Vous y voyez, en effet, que le poids de l’atome du bismuth a été trouvé égal à 1330, et que le double du poids atomique assigné au palladium fait 1331,7 ; différence bien faible, puisqu’elle n’est que d’environ un sur mille, et rien n’est plus plausible que d’admettre qu’elle puisse prendre sa source dans quelque légère erreur d’observation, ou dans quelque impureté à peine sensible des produits employés à la détermination de ces poids atomiques.

Entre l’or et l’osmium vous remarquerez une différence du même ordre, et qui s’expliquerait facilement de la même manière.

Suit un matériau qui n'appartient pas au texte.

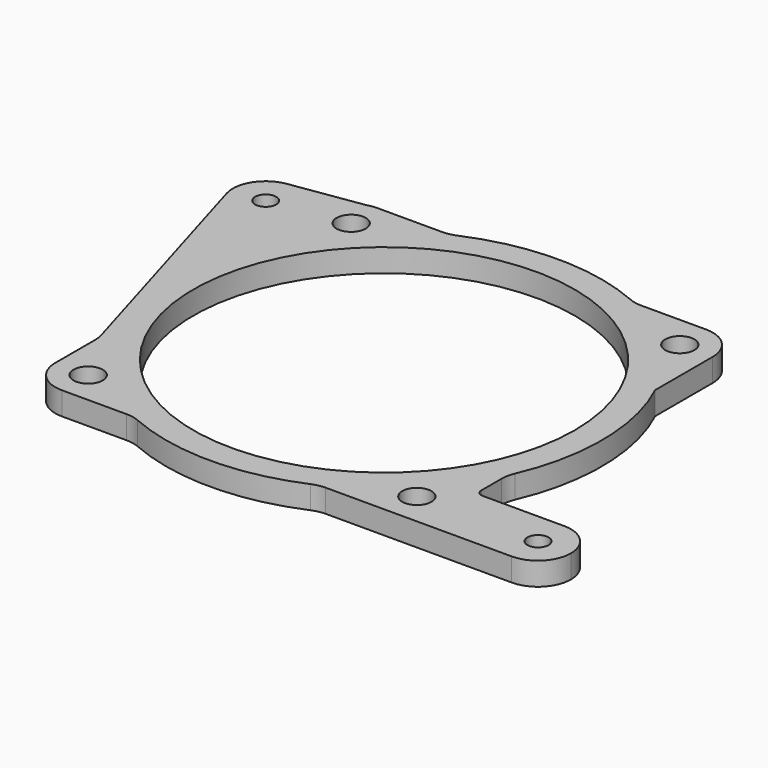
from build123d import *

# Parameters (mm, degrees)
F0_R     = 2.22
F0_R_2   = 29
F0_R_3   = 1.6
F2_DEPTH = 3.5
F3_R     = 4.375
F3_R_2   = 2.22
F4_DEPTH = 1


with BuildPart() as f2:
    # F0 (on Top) → F2 (new body)
    with BuildSketch(Plane.XY):
        with BuildLine():
            Line((-28.0399272842, 48.7993610323), (-26.564868493, 49.0218929201))
            ThreePointArc((-26.564868493, 49.0218929201), (-27.3107436298, 48.965946953), (-28.0399272842, 48.7993610323))
        make_face()
        with BuildLine():
            Line((-16.69420754, 49.0218929201), (-26.564868493, 49.0218929201))
            Line((-26.564868493, 49.0218929201), (-28.0399272842, 48.7993610323))
            Line((-28.0399272842, 48.7993610323), (-38.8670578152, 47.165946953))
            ThreePointArc((-38.8670578152, 47.165946953), (-42.3386518344, 44.9075872285), (-42.9166986895, 40.8066098434))
            Line((-42.9166986895, 40.8066098434), (-31.7693524819, 3.0351716781))
            ThreePointArc((-31.7693524819, 3.0351716781), (-31.6162535325, 2.3348780924), (-31.564868493, 1.6198886013))
            Line((-31.564868493, 1.6198886013), (-31.564868493, -5.9781070799))
            ThreePointArc((-31.564868493, -5.9781070799), (-30.1004023989, -9.5136409858), (-26.564868493, -10.9781070799))
            Line((-26.564868493, -10.9781070799), (-16.69420754, -10.9781070799))
            ThreePointArc((-16.69420754, -10.9781070799), (-15.6812440963, -11.0817916221), (-14.7102921129, -11.3885450552))
            ThreePointArc((-14.7102921129, -11.3885450552), (-1.564868493, -14.1081070799), (11.5805551269, -11.3885450552))
            ThreePointArc((11.5805551269, -11.3885450552), (12.5515071103, -11.0817916221), (13.564470554, -10.9781070799))
            Line((13.564470554, -10.9781070799), (23.435131507, -10.9781070799))
            Line((23.435131507, -10.9781070799), (41.8588173216, -10.9781070799))
            ThreePointArc((41.8588173216, -10.9781070799), (39.4580409401, -10.3640246311), (37.6469744143, -8.6726161862))
            ThreePointArc((37.6469744143, -8.6726161862), (37.5867252108, -8.5760349073), (37.5286903027, -8.4781070799))
            ThreePointArc((37.5286903027, -8.4781070799), (37.5286903027, -3.4781070799), (41.8588173216, -0.9781070799))
            Line((41.8588173216, -0.9781070799), (29.435131507, -0.9781070799))
            ThreePointArc((29.435131507, -0.9781070799), (28.7280247258, -0.6852138611), (28.435131507, 0.0218929201))
            Line((28.435131507, 0.0218929201), (28.435131507, 3.8925538731))
            ThreePointArc((28.435131507, 3.8925538731), (28.5388160493, 4.9055173169), (28.8455694823, 5.8764693002))
            ThreePointArc((28.8455694823, 5.8764693002), (31.5613609993, 19.521712514), (28.435131507, 33.0788093672))
            Line((28.435131507, 33.0788093672), (28.435131507, 44.0218929201))
            ThreePointArc((28.435131507, 44.0218929201), (26.9706654129, 47.5574268261), (23.435131507, 49.0218929201))
            Line((23.435131507, 49.0218929201), (13.564470554, 49.0218929201))
            ThreePointArc((13.564470554, 49.0218929201), (12.5515071103, 49.1255774624), (11.5805551269, 49.4323308955))
            ThreePointArc((11.5805551269, 49.4323308955), (-1.564868493, 52.1518929201), (-14.7102921129, 49.4323308955))
            ThreePointArc((-14.7102921129, 49.4323308955), (-15.6812440963, 49.1255774624), (-16.69420754, 49.0218929201))
        make_face()
        with Locations((-26.5610932079, -5.9743317948)):
            Circle(F0_R, mode=Mode.SUBTRACT)
        with Locations((23.4313562219, -5.9743317948)):
            Circle(F0_R, mode=Mode.SUBTRACT)
        with Locations((-1.564868493, 19.0218929201)):
            Circle(F0_R_2, mode=Mode.SUBTRACT)
        with Locations((-38.1211826784, 42.2218929201)):
            Circle(F0_R_3, mode=Mode.SUBTRACT)
        with Locations((-26.561093208, 44.0181176351)):
            Circle(F0_R, mode=Mode.SUBTRACT)
        with BuildLine():
            ThreePointArc((25.6513562219, 44.0181176351), (24.2809134408, 41.9671050725), (21.8615791662, 42.4483405824))
            ThreePointArc((21.8615791662, 42.4483405824), (22.5817990031, 46.0691301977), (25.6513562219, 44.0181176351))
        make_face(mode=Mode.SUBTRACT)
        with BuildLine():
            ThreePointArc((46.8588173216, -5.9781070799), (45.3943512276, -2.4425731739), (41.8588173216, -0.9781070799))
            ThreePointArc((41.8588173216, -0.9781070799), (37.5286903027, -3.4781070799), (37.5286903027, -8.4781070799))
            ThreePointArc((37.5286903027, -8.4781070799), (37.5867252108, -8.5760349073), (37.6469744143, -8.6726161862))
            ThreePointArc((37.6469744143, -8.6726161862), (39.4580409401, -10.3640246311), (41.8588173216, -10.9781070799))
            ThreePointArc((41.8588173216, -10.9781070799), (45.3943512276, -9.5136409858), (46.8588173216, -5.9781070799))
        make_face()
        with Locations((41.8588173216, -5.9781070799)):
            Circle(F0_R_3, mode=Mode.SUBTRACT)
    extrude(amount=F2_DEPTH)

    # F3 (on face) → F4 (cut)
    with BuildSketch(Plane(origin=(0, 0, 0), x_dir=(1, 0, 0), z_dir=(0, 0, -1))):
        with Locations((23.4313562219, 5.9743317948)):
            Circle(F3_R)
        with Locations((23.4313562219, 5.9743317948)):
            Circle(F3_R_2, mode=Mode.SUBTRACT)
        with Locations((-26.5610932079, 5.9743317948)):
            Circle(F3_R)
        with Locations((-26.5610932079, 5.9743317948)):
            Circle(F3_R_2, mode=Mode.SUBTRACT)
        with Locations((-26.561093208, -44.0181176351)):
            Circle(F3_R)
        with Locations((-26.561093208, -44.0181176351)):
            Circle(F3_R_2, mode=Mode.SUBTRACT)
        with Locations((23.4313562219, -44.0181176351)):
            Circle(F3_R)
        with Locations((23.4313562219, -44.0181176351)):
            Circle(F3_R_2, mode=Mode.SUBTRACT)
        with Locations((-26.5610932079, 5.9743317948)):
            Circle(F3_R_2)
        with Locations((23.4313562219, 5.9743317948)):
            Circle(F3_R_2)
        with Locations((23.4313562219, -44.0181176351)):
            Circle(F3_R_2)
        with Locations((-26.561093208, -44.0181176351)):
            Circle(F3_R_2)
    extrude(amount=-F4_DEPTH, mode=Mode.SUBTRACT)


solid = f2.part

Le platine et l’iridium offrent une ressemblance complète dans leur poids atomique. On trouve, suivant M. Berzelius, exactement le même poids de l’un ou de l’autre de ces deux métaux, dans leurs composés correspondants pris à poids égaux.

Comparez le poids atomique du molybdène avec la moitié de celui du tungstène, celui du cérium avec la moitié de celui du tantale, vous ne trouverez encore que des différences dont il serait fort peu surprenant que la cause résidât dans quelque erreur d’expérience.

Le groupe suivant vous offre jusqu’à cinq corps simples dont les poids atomiques entiers, ou doublés, ou dédoublés, ne diffèrent entre eux que de quantités fort petites. Vous voyez même que, parmi eux, on a trouvé pour le zinc exactement moitié autant que pour l’antimoine.

Enfin les différences que l’on remarque entre le poids d’atome du cobalt et celui du nickel, ou la moitié de celui de l’étain, sont encore d’un ordre de petitesse tel, qu’il est fort difficile d’en répondre.

Ces rapprochements me semblent fort piquants, et s’il n’en sort aucune preuve de la possibilité d’opérer des transmutations dans les corps simples, du moins s’opposent-ils à ce qu’on repousse cette idée comme une absurdité qui serait démontrée par l’état actuel de nos connaissances.